# MT Shifter dissected: Short Shifter in the Works



## TravsCruze (Aug 4, 2011)

As promised, here is the up close and personal pics of our MT shifter torn down into its individual pieces... hope you enjoy. I've already got a plan of attack on the parts i'm going to mod and how i'm going to do it. So i'll keep ya'll posted as it progresses. The whole assemble in the box weighed in at 2.5 lbs and it was a BIG box.


----------



## NBrehm (Jun 27, 2011)

wow, there is a surprising amount of plastic in there, power shifters beware!


----------



## scidork (Jun 1, 2011)

Power shifters beware is right. I've made the mistake of pretending I'm a race car driver (just the sound and quick shifting; 1.4L isn't conducive to the speed part) and shifted forcefully into one of the bottom gears (2nd or 4th) and actually bounced the stick out of the gear as it rebounded my hand back forward. Now I have one valid explanation.


----------



## TravsCruze (Aug 4, 2011)

scidork said:


> Power shifters beware is right. I've made the mistake of pretending I'm a race car driver (just the sound and quick shifting; 1.4L isn't conducive to the speed part) and shifted forcefully into one of the bottom gears (2nd or 4th) and actually bounced the stick out of the gear as it rebounded my hand back forward. Now I have one valid explanation.


on the 4th pic down and the 2nd picture from the bottom, if you look just below the ball you will see a tan'ish colored object on shaft. That is the shift stop, its made from a *very* springy rubber. I'm guessing thats your main culprit in what happened to you.


----------



## thevoid (Aug 1, 2011)

After seeing the plastic engine mounts, a plastic shifter box doesnt surprise me at all.

That said, an aluminum shifter mounting is bound to improve things. Maybe just some reinforcement of the existing structure.


----------



## NBrehm (Jun 27, 2011)

your best bet would be solid shift stops since the actual shift handle is steel. You can't overextend the rest of the linkage if you can't move the bar that far.


----------



## Crewz (Jul 12, 2011)

What's the plan to shorten it? Cut and weld? How much do you plan on shortening.

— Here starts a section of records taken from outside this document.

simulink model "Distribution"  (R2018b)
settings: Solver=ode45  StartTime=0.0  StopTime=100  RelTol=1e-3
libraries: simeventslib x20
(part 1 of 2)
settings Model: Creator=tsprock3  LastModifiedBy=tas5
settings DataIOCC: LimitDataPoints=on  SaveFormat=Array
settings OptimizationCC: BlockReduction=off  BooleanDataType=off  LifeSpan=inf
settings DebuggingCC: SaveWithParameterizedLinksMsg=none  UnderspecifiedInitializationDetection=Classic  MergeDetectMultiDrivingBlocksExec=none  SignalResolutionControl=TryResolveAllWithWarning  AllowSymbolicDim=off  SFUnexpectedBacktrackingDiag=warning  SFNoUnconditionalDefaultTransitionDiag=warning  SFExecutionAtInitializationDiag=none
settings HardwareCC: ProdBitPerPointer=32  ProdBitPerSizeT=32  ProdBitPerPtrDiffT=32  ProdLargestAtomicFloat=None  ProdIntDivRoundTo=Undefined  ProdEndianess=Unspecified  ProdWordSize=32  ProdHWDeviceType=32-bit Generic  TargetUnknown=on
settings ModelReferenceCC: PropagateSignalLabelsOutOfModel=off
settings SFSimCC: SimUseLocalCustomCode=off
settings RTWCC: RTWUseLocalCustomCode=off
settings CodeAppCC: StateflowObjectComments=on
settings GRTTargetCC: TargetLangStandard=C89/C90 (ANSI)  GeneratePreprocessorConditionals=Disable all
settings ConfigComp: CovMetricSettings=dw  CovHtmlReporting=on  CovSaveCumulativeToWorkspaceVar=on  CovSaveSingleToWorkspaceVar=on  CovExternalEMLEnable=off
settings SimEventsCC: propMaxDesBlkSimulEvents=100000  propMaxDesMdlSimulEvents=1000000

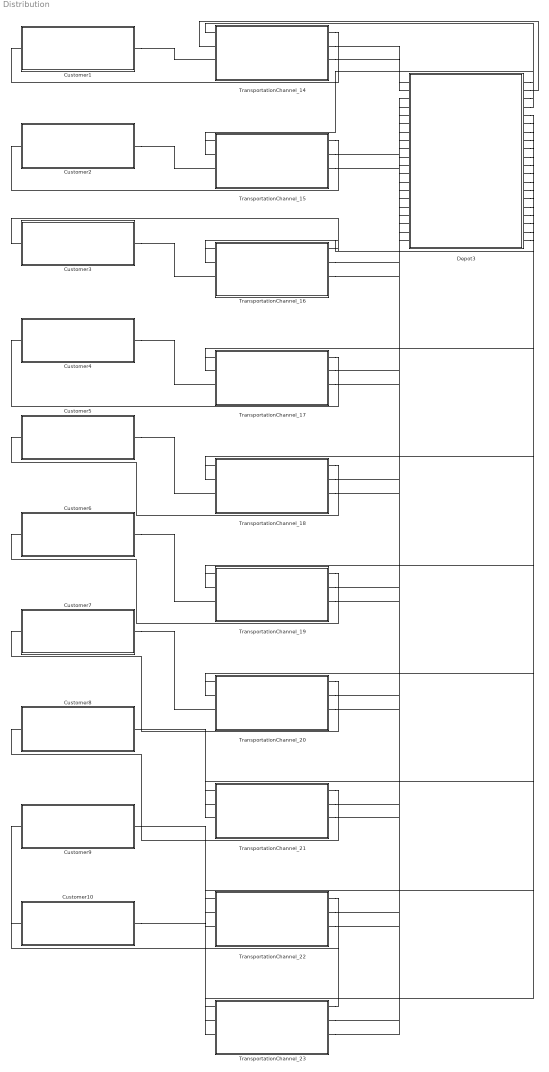
== system Distribution ==
  Customer1 : Subsystem
  Customer10 : Subsystem
  Customer2 : Subsystem
  Customer3 : Subsystem
  Customer4 : Subsystem
  Customer5 : Subsystem
  Customer6 : Subsystem
  Customer7 : Subsystem
  Customer8 : Subsystem
  Customer9 : Subsystem
  Depot3 : Subsystem
  TransportationChannel_14 : Subsystem
  TransportationChannel_15 : Subsystem
  TransportationChannel_16 : Subsystem
  TransportationChannel_17 : Subsystem
  TransportationChannel_18 : Subsystem
  TransportationChannel_19 : Subsystem
  TransportationChannel_20 : Subsystem
  TransportationChannel_21 : Subsystem
  TransportationChannel_22 : Subsystem
  TransportationChannel_23 : Subsystem
  connections:
  Depot3/RConn1 -- TransportationChannel_14/LConn1
  TransportationChannel_14/RConn1 -- Customer1/LConn1
  Depot3/RConn2 -- TransportationChannel_14/LConn2
  TransportationChannel_14/RConn2 -- Depot3/LConn1
  Customer1/RConn1 -- TransportationChannel_14/LConn3
  TransportationChannel_14/RConn3 -- Depot3/LConn2
  Depot3/RConn3 -- TransportationChannel_15/LConn1
  TransportationChannel_15/RConn1 -- Customer2/LConn1
  Depot3/RConn4 -- TransportationChannel_15/LConn2
  TransportationChannel_15/RConn2 -- Depot3/LConn3
  Customer2/RConn1 -- TransportationChannel_15/LConn3
  TransportationChannel_15/RConn3 -- Depot3/LConn4
  Depot3/RConn5 -- TransportationChannel_16/LConn1
  TransportationChannel_16/RConn1 -- Customer3/LConn1
  Depot3/RConn6 -- TransportationChannel_16/LConn2
  TransportationChannel_16/RConn2 -- Depot3/LConn5
  Customer3/RConn1 -- TransportationChannel_16/LConn3
  TransportationChannel_16/RConn3 -- Depot3/LConn6
  Depot3/RConn7 -- TransportationChannel_17/LConn1
  TransportationChannel_17/RConn1 -- Customer4/LConn1
  Depot3/RConn8 -- TransportationChannel_17/LConn2
  TransportationChannel_17/RConn2 -- Depot3/LConn7
  Customer4/RConn1 -- TransportationChannel_17/LConn3
  TransportationChannel_17/RConn3 -- Depot3/LConn8
  Depot3/RConn9 -- TransportationChannel_18/LConn1
  TransportationChannel_18/RConn1 -- Customer5/LConn1
  Depot3/RConn10 -- TransportationChannel_18/LConn2
  TransportationChannel_18/RConn2 -- Depot3/LConn9
  Customer5/RConn1 -- TransportationChannel_18/LConn3
  TransportationChannel_18/RConn3 -- Depot3/LConn10
  Depot3/RConn11 -- TransportationChannel_19/LConn1
  TransportationChannel_19/RConn1 -- Customer6/LConn1
  Depot3/RConn12 -- TransportationChannel_19/LConn2
  TransportationChannel_19/RConn2 -- Depot3/LConn11
  Customer6/RConn1 -- TransportationChannel_19/LConn3
  TransportationChannel_19/RConn3 -- Depot3/LConn12
  Depot3/RConn13 -- TransportationChannel_20/LConn1
  TransportationChannel_20/RConn1 -- Customer7/LConn1
  Depot3/RConn14 -- TransportationChannel_20/LConn2
  TransportationChannel_20/RConn2 -- Depot3/LConn13
  Customer7/RConn1 -- TransportationChannel_20/LConn3
  TransportationChannel_20/RConn3 -- Depot3/LConn14
  Depot3/RConn15 -- TransportationChannel_21/LConn1
  TransportationChannel_21/RConn1 -- Customer8/LConn1
  Depot3/RConn16 -- TransportationChannel_21/LConn2
  TransportationChannel_21/RConn2 -- Depot3/LConn15
  Customer8/RConn1 -- TransportationChannel_21/LConn3
  TransportationChannel_21/RConn3 -- Depot3/LConn16
  Depot3/RConn17 -- TransportationChannel_22/LConn1
  TransportationChannel_22/RConn1 -- Customer9/LConn1
  Depot3/RConn18 -- TransportationChannel_22/LConn2
  TransportationChannel_22/RConn2 -- Depot3/LConn17
  Customer9/RConn1 -- TransportationChannel_22/LConn3
  TransportationChannel_22/RConn3 -- Depot3/LConn18
  Depot3/RConn19 -- TransportationChannel_23/LConn1
  TransportationChannel_23/RConn1 -- Customer10/LConn1
  Depot3/RConn20 -- TransportationChannel_23/LConn2
  TransportationChannel_23/RConn2 -- Depot3/LConn19
  Customer10/RConn1 -- TransportationChannel_23/LConn3
  TransportationChannel_23/RConn3 -- Depot3/LConn20

== system Distribution/Customer1 ==
  AggregateCommodity : Subsystem  mask{Mean=2000/1459, AttributeValue=[1 0 1]|1|1|1}
      mask prompts: Mean "Frequency"; AttributeValue "Attributes"
      mask TypeOptions Mean: Source/Mean
      mask TypeOptions AttributeValue: setAttribute/AttributeValue
  Entity Sink : EntitySink
  Get Attribute : GetAttribute  AttributeName=Origin|Destination|Start  AttributeMissing=Error|Error|Error  AttributeDefaultValue=1|1|1  AttributeTreatAsVector=1|1|1  AttributeSendTiming=After entity departure|After entity departure|After entity departure  EvaluatedDefaultAttributeValue={[];[];[]}
      settings: OutputPortMap=o1,o2,o3
  IN_Commodity : PathCombiner  NumberInputPorts=1
  IN_Shipment : PathCombiner  NumberInputPorts=1
  Mux : Mux  Inputs=3
  OUT_Shipment : OutputSwitch  NumberOutputPorts=1  SwitchingCriterion=From signal port p  AttributeName=Customer  StatNumberDeparted=on
  Routing : EventBasedRandomNumber  Distribution=Arbitrary discrete  valueVecDisc=[0,1]  probVecDisc=[0,1]  Seed=57316
  Shipment_Metrics : simeventslib/SimEvents Sinks/Discrete Event Signal to Workspace  VariableName=Customer1  SaveFormat=Structure With Time  isMonitorOnly=off  isRecordIC=off
      settings: SourceProductName=SimEvents  SourceProductBaseCode=SE
  Signal Latch : SignalLatch  InitialMemoryValue=1  ReadMemoryUpon=Write to memory event
      settings: InputPortMap=u0,u2  OutputPortMap=o2
  inShipment_1 : PMIOPort  Side=Left
  outShipment_1 : PMIOPort  Port=2  Side=Right
  wires:
  Signal Latch/1 -> OUT_Shipment/1
  OUT_Shipment/1 -> Signal Latch/1
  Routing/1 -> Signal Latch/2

With all that plastic, makes me glad I got an auto for quick shifts.


----------



## TravsCruze (Aug 4, 2011)

i don't think i can describe to you in a reasonable amount of words ALL of what I've got rolling around in my head about this shifter.. it would probably frighten you also.. haha

best I can tell you is the going from 1st to 2nd , 3rd to 4th, and 5th to 6th is easy to correct, and i see no reason not to get as much reduction as someone wants up to probably about 50%. I would need to sit down with my calculator and some trig formulas to get an exact %, but i don't see why it wouldn't be possible. 

The 2nd to 3rd, and 4th to 5th lateral movement is much more tricky. Modifying the lateral movement would have an adverse effect on the location of reverse and the reverse lock out. Which i've already got some thoughts on how to correct.

machined bushings for two of the pivots, one is much more tricky than the other but i don't see a big problem. 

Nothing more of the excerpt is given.